An LC-MSMS system extends on the peptide mass fingerprinting (PMF) ZooMS MALDI-TOF approach by measuring not only the intensity and m/z of the precursor masses, but also providing a fragmentation pattern for each peptide. For identifying these MSMS spectra, the target-decoy approach is at the heart of most algorithms, for score thresholding and/or to improve the feature weights used for scoring.

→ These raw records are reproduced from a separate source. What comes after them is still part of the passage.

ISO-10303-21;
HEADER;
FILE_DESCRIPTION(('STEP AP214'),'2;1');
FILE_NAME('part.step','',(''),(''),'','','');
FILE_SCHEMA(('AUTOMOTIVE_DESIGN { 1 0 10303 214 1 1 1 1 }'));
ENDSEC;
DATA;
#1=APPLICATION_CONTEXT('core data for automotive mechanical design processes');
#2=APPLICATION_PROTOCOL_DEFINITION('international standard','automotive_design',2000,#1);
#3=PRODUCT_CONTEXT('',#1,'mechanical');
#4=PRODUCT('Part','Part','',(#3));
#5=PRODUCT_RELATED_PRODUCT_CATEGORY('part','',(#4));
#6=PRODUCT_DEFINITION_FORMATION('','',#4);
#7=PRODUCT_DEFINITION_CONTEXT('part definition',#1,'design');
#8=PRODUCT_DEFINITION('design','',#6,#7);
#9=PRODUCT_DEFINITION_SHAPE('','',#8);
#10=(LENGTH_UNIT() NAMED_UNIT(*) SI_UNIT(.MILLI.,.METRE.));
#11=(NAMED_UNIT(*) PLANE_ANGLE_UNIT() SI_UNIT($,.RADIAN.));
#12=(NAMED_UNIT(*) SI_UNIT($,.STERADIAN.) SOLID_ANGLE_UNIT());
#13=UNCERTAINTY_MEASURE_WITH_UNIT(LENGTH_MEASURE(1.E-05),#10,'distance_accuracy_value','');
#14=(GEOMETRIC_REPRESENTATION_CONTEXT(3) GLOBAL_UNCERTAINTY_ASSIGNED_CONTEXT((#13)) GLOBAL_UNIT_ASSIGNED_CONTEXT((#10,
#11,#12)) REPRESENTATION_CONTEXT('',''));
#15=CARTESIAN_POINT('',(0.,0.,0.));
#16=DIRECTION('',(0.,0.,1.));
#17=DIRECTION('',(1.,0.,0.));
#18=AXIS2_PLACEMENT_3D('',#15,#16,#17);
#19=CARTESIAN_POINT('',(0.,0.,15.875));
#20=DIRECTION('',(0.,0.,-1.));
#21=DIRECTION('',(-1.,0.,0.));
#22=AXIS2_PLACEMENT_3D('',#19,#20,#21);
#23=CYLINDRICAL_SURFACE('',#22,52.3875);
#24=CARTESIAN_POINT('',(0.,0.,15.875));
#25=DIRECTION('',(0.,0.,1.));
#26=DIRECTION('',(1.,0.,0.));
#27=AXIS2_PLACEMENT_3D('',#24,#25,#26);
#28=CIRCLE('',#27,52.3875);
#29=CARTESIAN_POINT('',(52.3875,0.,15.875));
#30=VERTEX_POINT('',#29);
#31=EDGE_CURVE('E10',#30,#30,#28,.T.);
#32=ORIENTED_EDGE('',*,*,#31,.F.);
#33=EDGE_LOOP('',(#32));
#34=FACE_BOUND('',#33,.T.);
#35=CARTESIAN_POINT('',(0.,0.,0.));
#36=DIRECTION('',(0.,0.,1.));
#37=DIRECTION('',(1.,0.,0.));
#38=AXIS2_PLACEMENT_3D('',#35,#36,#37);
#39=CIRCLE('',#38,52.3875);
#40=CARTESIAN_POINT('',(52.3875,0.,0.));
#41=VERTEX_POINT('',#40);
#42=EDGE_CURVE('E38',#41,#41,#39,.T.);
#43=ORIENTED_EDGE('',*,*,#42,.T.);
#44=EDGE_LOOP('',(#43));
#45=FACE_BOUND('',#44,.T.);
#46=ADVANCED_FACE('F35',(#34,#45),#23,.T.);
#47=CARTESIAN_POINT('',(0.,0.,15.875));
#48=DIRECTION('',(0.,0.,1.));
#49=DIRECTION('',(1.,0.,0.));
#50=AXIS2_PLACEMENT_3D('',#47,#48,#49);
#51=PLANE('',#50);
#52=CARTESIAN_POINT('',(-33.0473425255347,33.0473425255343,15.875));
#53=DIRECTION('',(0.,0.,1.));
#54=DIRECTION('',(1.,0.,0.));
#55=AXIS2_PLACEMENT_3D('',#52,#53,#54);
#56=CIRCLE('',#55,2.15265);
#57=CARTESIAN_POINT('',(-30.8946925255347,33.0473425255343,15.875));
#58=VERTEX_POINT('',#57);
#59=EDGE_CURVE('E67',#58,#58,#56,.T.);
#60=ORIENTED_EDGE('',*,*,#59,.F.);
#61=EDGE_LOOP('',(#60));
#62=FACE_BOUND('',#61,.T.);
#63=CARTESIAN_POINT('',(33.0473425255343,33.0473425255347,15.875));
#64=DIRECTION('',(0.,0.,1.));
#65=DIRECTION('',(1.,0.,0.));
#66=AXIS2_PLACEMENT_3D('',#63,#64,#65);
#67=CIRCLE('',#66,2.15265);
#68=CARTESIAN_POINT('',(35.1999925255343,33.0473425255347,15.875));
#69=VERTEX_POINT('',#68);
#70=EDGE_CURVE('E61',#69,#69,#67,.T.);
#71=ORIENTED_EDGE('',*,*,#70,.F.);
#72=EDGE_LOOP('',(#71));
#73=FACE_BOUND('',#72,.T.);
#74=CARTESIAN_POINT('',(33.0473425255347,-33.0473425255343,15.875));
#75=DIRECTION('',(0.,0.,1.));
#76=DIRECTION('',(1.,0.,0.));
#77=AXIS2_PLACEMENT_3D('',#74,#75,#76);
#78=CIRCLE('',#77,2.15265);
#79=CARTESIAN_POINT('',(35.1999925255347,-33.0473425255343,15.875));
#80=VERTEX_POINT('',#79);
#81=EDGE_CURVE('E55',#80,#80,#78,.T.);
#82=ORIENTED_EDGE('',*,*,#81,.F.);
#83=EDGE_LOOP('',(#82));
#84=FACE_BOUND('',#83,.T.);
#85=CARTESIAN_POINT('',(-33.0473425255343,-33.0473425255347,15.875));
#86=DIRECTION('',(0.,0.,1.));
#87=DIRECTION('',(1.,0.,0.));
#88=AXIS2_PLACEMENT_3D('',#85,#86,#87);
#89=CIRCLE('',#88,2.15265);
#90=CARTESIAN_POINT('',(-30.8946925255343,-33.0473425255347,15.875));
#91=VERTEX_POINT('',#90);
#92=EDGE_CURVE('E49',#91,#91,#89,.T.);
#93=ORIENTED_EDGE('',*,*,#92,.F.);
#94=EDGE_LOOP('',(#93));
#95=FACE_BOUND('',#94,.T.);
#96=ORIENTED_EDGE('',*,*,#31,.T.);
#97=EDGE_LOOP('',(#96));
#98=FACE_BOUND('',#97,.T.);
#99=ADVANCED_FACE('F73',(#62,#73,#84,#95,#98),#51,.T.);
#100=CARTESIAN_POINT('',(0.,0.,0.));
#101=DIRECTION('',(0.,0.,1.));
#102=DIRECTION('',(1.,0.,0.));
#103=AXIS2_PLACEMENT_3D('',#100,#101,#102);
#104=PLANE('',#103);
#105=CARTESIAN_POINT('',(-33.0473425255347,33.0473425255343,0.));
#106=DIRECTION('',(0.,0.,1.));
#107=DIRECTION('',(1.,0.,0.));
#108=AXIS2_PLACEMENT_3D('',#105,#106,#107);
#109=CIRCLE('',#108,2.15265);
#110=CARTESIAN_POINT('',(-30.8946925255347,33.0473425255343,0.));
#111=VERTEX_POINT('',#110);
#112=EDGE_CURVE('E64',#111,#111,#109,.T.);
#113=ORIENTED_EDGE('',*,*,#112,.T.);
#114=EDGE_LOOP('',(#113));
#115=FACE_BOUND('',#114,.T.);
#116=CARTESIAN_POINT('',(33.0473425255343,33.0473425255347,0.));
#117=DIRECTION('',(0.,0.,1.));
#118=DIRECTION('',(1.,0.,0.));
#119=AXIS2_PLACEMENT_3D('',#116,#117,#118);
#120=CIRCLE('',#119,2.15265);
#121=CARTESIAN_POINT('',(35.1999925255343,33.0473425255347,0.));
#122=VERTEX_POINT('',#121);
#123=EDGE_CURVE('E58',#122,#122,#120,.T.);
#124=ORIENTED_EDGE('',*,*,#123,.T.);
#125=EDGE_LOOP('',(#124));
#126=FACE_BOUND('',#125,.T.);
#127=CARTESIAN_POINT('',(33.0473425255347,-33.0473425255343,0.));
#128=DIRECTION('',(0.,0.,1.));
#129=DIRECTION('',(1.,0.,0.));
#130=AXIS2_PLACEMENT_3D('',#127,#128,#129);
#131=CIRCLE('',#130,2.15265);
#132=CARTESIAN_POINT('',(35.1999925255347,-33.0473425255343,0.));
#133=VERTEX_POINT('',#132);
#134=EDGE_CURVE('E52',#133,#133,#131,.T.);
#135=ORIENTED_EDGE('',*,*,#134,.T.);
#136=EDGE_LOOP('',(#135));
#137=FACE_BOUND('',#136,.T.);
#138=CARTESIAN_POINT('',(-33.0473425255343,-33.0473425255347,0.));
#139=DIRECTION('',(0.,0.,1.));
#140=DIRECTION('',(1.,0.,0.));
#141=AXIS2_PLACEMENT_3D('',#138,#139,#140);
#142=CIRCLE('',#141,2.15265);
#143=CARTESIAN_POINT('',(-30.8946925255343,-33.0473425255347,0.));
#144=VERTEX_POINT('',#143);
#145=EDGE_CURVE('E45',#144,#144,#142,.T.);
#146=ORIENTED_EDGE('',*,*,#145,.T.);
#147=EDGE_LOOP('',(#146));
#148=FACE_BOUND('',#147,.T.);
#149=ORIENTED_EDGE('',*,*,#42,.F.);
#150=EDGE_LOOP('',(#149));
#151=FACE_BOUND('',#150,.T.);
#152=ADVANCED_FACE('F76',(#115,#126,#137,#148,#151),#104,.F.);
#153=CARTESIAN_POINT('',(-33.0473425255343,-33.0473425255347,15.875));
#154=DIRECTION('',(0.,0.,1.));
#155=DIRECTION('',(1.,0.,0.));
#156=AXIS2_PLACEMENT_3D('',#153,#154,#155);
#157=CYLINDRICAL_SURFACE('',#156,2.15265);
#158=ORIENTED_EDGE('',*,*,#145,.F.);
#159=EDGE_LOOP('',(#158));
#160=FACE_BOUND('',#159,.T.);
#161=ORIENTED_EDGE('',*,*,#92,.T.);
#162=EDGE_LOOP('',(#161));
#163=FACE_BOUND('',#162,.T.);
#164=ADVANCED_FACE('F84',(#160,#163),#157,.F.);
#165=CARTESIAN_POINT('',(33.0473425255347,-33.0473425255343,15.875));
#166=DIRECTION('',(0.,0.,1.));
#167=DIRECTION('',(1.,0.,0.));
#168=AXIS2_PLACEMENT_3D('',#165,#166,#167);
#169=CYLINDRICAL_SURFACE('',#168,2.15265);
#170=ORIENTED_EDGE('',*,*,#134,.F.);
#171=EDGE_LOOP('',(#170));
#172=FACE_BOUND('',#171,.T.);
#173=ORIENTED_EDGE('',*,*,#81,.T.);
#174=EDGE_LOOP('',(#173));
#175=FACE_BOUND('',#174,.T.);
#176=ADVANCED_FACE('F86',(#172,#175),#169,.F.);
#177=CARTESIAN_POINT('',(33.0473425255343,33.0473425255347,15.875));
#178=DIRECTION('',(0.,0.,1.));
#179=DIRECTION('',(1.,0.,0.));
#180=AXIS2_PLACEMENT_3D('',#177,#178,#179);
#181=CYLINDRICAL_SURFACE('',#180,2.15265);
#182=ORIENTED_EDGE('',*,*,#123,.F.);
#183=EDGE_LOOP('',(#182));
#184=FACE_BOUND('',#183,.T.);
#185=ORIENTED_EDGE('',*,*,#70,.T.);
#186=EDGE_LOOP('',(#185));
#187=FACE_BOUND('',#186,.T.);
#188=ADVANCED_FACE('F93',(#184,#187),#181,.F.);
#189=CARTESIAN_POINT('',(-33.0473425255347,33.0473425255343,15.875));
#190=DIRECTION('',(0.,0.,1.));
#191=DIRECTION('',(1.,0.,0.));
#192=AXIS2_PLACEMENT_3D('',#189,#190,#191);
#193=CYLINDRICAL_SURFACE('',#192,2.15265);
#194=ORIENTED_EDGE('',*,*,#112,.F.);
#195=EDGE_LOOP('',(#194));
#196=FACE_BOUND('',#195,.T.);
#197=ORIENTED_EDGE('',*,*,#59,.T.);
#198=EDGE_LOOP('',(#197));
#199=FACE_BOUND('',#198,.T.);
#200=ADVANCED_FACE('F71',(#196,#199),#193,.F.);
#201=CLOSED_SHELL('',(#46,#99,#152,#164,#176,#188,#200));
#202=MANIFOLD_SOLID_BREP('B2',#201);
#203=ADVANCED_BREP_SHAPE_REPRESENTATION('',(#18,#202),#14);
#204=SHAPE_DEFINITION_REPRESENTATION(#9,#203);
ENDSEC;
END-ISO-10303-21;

However, this presents paleoproteomics with a conundrum: ancient bone samples generate sparse datasets built from only a few proteins, disabling the use of target-decoy strategies. In other words, where the simplicity of the protein composition enables fast and effective ZooMS through PMF using MALDI, it effectively complicates LC MSMS data interpretation. Fortunately, probabilistic search engines like Mascot and MaxQuant are still suited for sparse peptide identification and are therefore most used in LC-MSMS species classification.
Still, these peptides don’t derive from functionally different proteins from one given organism, for which most scoring algorithms are developed. Rather, the data consists of often low quality MSMS spectra of a few homologues protein targets that could be derived from a plethora of organisms, i.e. a long list of very similar orthologue sequences. The net effect is that basic search results display huge amounts of ambiguity, in turn impairing accurate post-processing tools like Unipept.
Therefore, we suggest to embrace and even extend the ambiguity using a newly developed “isoBLAST” approach in order to obtain an exhaustive set of potential peptide candidates (PPCs) for each spectrum. Using only the collagen PPCs, we then walk down the taxonomic tree retaining unique peptides at every bifurcation and plot the complete set of considered peptides in a sunburst plot color-coded by an adapted Bray Curtis dissimilarity score. Using public and in-house data, we show the performance of the approach on different instruments and search engines.